Stored entries
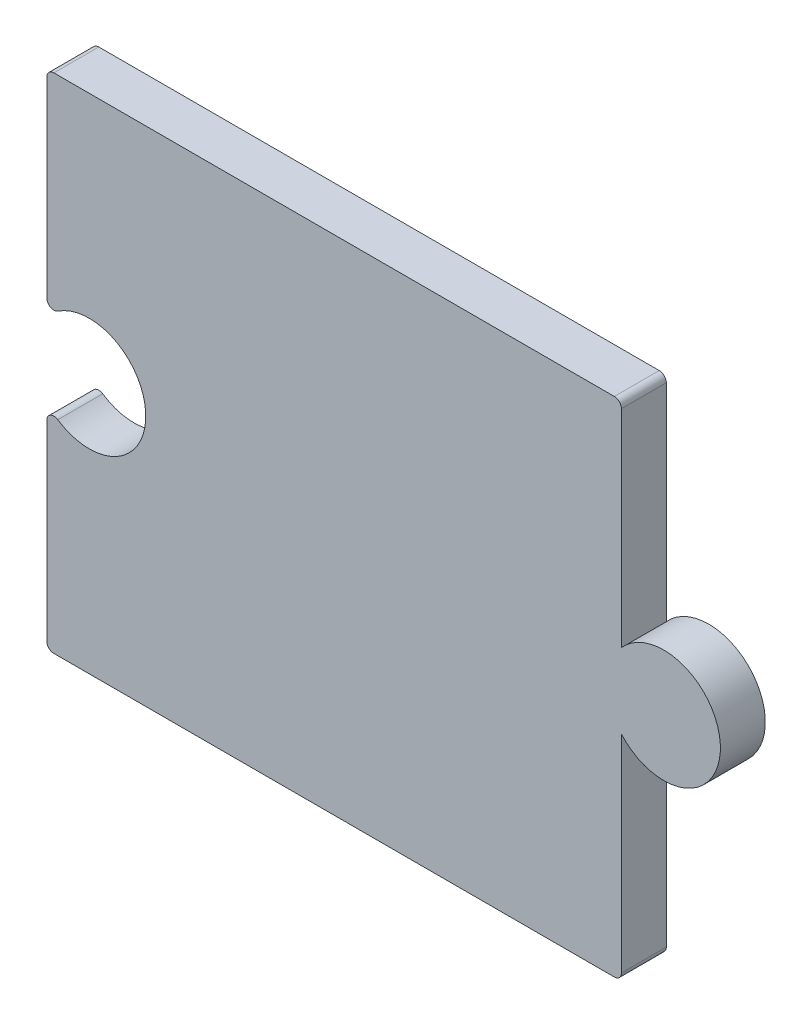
ISO-10303-21;
HEADER;
FILE_DESCRIPTION(('STEP AP214'),'2;1');
FILE_NAME('part.step','',(''),(''),'','','');
FILE_SCHEMA(('AUTOMOTIVE_DESIGN { 1 0 10303 214 1 1 1 1 }'));
ENDSEC;
DATA;
#1=APPLICATION_CONTEXT('core data for automotive mechanical design processes');
#2=APPLICATION_PROTOCOL_DEFINITION('international standard','automotive_design',2000,#1);
#3=PRODUCT_CONTEXT('',#1,'mechanical');
#4=PRODUCT('Part','Part','',(#3));
#5=PRODUCT_RELATED_PRODUCT_CATEGORY('part','',(#4));
#6=PRODUCT_DEFINITION_FORMATION('','',#4);
#7=PRODUCT_DEFINITION_CONTEXT('part definition',#1,'design');
#8=PRODUCT_DEFINITION('design','',#6,#7);
#9=PRODUCT_DEFINITION_SHAPE('','',#8);
#10=(LENGTH_UNIT() NAMED_UNIT(*) SI_UNIT(.MILLI.,.METRE.));
#11=(NAMED_UNIT(*) PLANE_ANGLE_UNIT() SI_UNIT($,.RADIAN.));
#12=(NAMED_UNIT(*) SI_UNIT($,.STERADIAN.) SOLID_ANGLE_UNIT());
#13=UNCERTAINTY_MEASURE_WITH_UNIT(LENGTH_MEASURE(1.E-05),#10,'distance_accuracy_value','');
#14=(GEOMETRIC_REPRESENTATION_CONTEXT(3) GLOBAL_UNCERTAINTY_ASSIGNED_CONTEXT((#13)) GLOBAL_UNIT_ASSIGNED_CONTEXT((#10,
#11,#12)) REPRESENTATION_CONTEXT('',''));
#15=CARTESIAN_POINT('',(0.,0.,0.));
#16=DIRECTION('',(0.,0.,1.));
#17=DIRECTION('',(1.,0.,0.));
#18=AXIS2_PLACEMENT_3D('',#15,#16,#17);
#19=CARTESIAN_POINT('',(0.,15.1342486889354,3.175));
#20=DIRECTION('',(1.,0.,0.));
#21=DIRECTION('',(0.,0.,-1.));
#22=AXIS2_PLACEMENT_3D('',#19,#20,#21);
#23=PLANE('',#22);
#24=DIRECTION('',(0.,-1.,0.));
#25=VECTOR('',#24,1.);
#26=CARTESIAN_POINT('',(0.,15.1342486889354,3.175));
#27=LINE('',#26,#25);
#28=CARTESIAN_POINT('',(0.,14.0383426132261,3.175));
#29=VERTEX_POINT('',#28);
#30=CARTESIAN_POINT('',(0.,0.5,3.175));
#31=VERTEX_POINT('',#30);
#32=EDGE_CURVE('E193',#29,#31,#27,.T.);
#33=ORIENTED_EDGE('',*,*,#32,.F.);
#34=DIRECTION('',(0.,0.,-1.));
#35=VECTOR('',#34,1.);
#36=CARTESIAN_POINT('',(0.,14.0383426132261,3.175));
#37=LINE('',#36,#35);
#38=CARTESIAN_POINT('',(0.,14.0383426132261,0.));
#39=VERTEX_POINT('',#38);
#40=EDGE_CURVE('E196',#29,#39,#37,.T.);
#41=ORIENTED_EDGE('',*,*,#40,.T.);
#42=DIRECTION('',(0.,-1.,0.));
#43=VECTOR('',#42,1.);
#44=CARTESIAN_POINT('',(0.,15.1342486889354,0.));
#45=LINE('',#44,#43);
#46=CARTESIAN_POINT('',(0.,0.5,0.));
#47=VERTEX_POINT('',#46);
#48=EDGE_CURVE('E173',#39,#47,#45,.T.);
#49=ORIENTED_EDGE('',*,*,#48,.T.);
#50=DIRECTION('',(0.,0.,-1.));
#51=VECTOR('',#50,1.);
#52=CARTESIAN_POINT('',(0.,0.5,3.175));
#53=LINE('',#52,#51);
#54=EDGE_CURVE('E156',#47,#31,#53,.F.);
#55=ORIENTED_EDGE('',*,*,#54,.T.);
#56=EDGE_LOOP('',(#33,#41,#49,#55));
#57=FACE_BOUND('',#56,.T.);
#58=ADVANCED_FACE('F33',(#57),#23,.F.);
#59=CARTESIAN_POINT('',(0.,0.,3.175));
#60=DIRECTION('',(0.,1.,0.));
#61=DIRECTION('',(-1.,0.,0.));
#62=AXIS2_PLACEMENT_3D('',#59,#60,#61);
#63=PLANE('',#62);
#64=DIRECTION('',(1.,0.,0.));
#65=VECTOR('',#64,1.);
#66=CARTESIAN_POINT('',(0.,0.,0.));
#67=LINE('',#66,#65);
#68=CARTESIAN_POINT('',(0.5,0.,0.));
#69=VERTEX_POINT('',#68);
#70=CARTESIAN_POINT('',(40.14,0.,0.));
#71=VERTEX_POINT('',#70);
#72=EDGE_CURVE('E176',#69,#71,#67,.T.);
#73=ORIENTED_EDGE('',*,*,#72,.T.);
#74=DIRECTION('',(0.,0.,-1.));
#75=VECTOR('',#74,1.);
#76=CARTESIAN_POINT('',(40.14,0.,3.175));
#77=LINE('',#76,#75);
#78=CARTESIAN_POINT('',(40.14,0.,3.175));
#79=VERTEX_POINT('',#78);
#80=EDGE_CURVE('E235',#71,#79,#77,.F.);
#81=ORIENTED_EDGE('',*,*,#80,.T.);
#82=DIRECTION('',(1.,0.,0.));
#83=VECTOR('',#82,1.);
#84=CARTESIAN_POINT('',(0.,0.,3.175));
#85=LINE('',#84,#83);
#86=CARTESIAN_POINT('',(0.5,0.,3.175));
#87=VERTEX_POINT('',#86);
#88=EDGE_CURVE('E147',#87,#79,#85,.T.);
#89=ORIENTED_EDGE('',*,*,#88,.F.);
#90=DIRECTION('',(0.,0.,-1.));
#91=VECTOR('',#90,1.);
#92=CARTESIAN_POINT('',(0.5,0.,3.175));
#93=LINE('',#92,#91);
#94=EDGE_CURVE('E232',#87,#69,#93,.T.);
#95=ORIENTED_EDGE('',*,*,#94,.T.);
#96=EDGE_LOOP('',(#73,#81,#89,#95));
#97=FACE_BOUND('',#96,.T.);
#98=ADVANCED_FACE('F294',(#97),#63,.F.);
#99=CARTESIAN_POINT('',(40.64,15.1342486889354,3.175));
#100=DIRECTION('',(-1.,0.,0.));
#101=DIRECTION('',(0.,-1.,0.));
#102=AXIS2_PLACEMENT_3D('',#99,#100,#101);
#103=PLANE('',#102);
#104=DIRECTION('',(0.,1.,0.));
#105=VECTOR('',#104,1.);
#106=CARTESIAN_POINT('',(40.64,15.1342486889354,3.175));
#107=LINE('',#106,#105);
#108=CARTESIAN_POINT('',(40.64,0.499999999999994,3.175));
#109=VERTEX_POINT('',#108);
#110=CARTESIAN_POINT('',(40.64,15.1342486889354,3.175));
#111=VERTEX_POINT('',#110);
#112=EDGE_CURVE('E133',#109,#111,#107,.T.);
#113=ORIENTED_EDGE('',*,*,#112,.F.);
#114=DIRECTION('',(0.,0.,-1.));
#115=VECTOR('',#114,1.);
#116=CARTESIAN_POINT('',(40.64,0.499999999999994,3.175));
#117=LINE('',#116,#115);
#118=CARTESIAN_POINT('',(40.64,0.499999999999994,0.));
#119=VERTEX_POINT('',#118);
#120=EDGE_CURVE('E230',#109,#119,#117,.T.);
#121=ORIENTED_EDGE('',*,*,#120,.T.);
#122=DIRECTION('',(0.,1.,0.));
#123=VECTOR('',#122,1.);
#124=CARTESIAN_POINT('',(40.64,15.1342486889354,0.));
#125=LINE('',#124,#123);
#126=CARTESIAN_POINT('',(40.64,15.1342486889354,0.));
#127=VERTEX_POINT('',#126);
#128=EDGE_CURVE('E153',#119,#127,#125,.T.);
#129=ORIENTED_EDGE('',*,*,#128,.T.);
#130=DIRECTION('',(0.,0.,-1.));
#131=VECTOR('',#130,1.);
#132=CARTESIAN_POINT('',(40.64,15.1342486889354,3.175));
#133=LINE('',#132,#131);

**What you have to do:** Going from the line that has "#129=ORIENTED_EDGE('',*,*,#128,.T.);" through the last line of the entries, retype each line exactly as given and add nothing.

**Written answer:**
#129=ORIENTED_EDGE('',*,*,#128,.T.);
#130=DIRECTION('',(0.,0.,-1.));
#131=VECTOR('',#130,1.);
#132=CARTESIAN_POINT('',(40.64,15.1342486889354,3.175));
#133=LINE('',#132,#131);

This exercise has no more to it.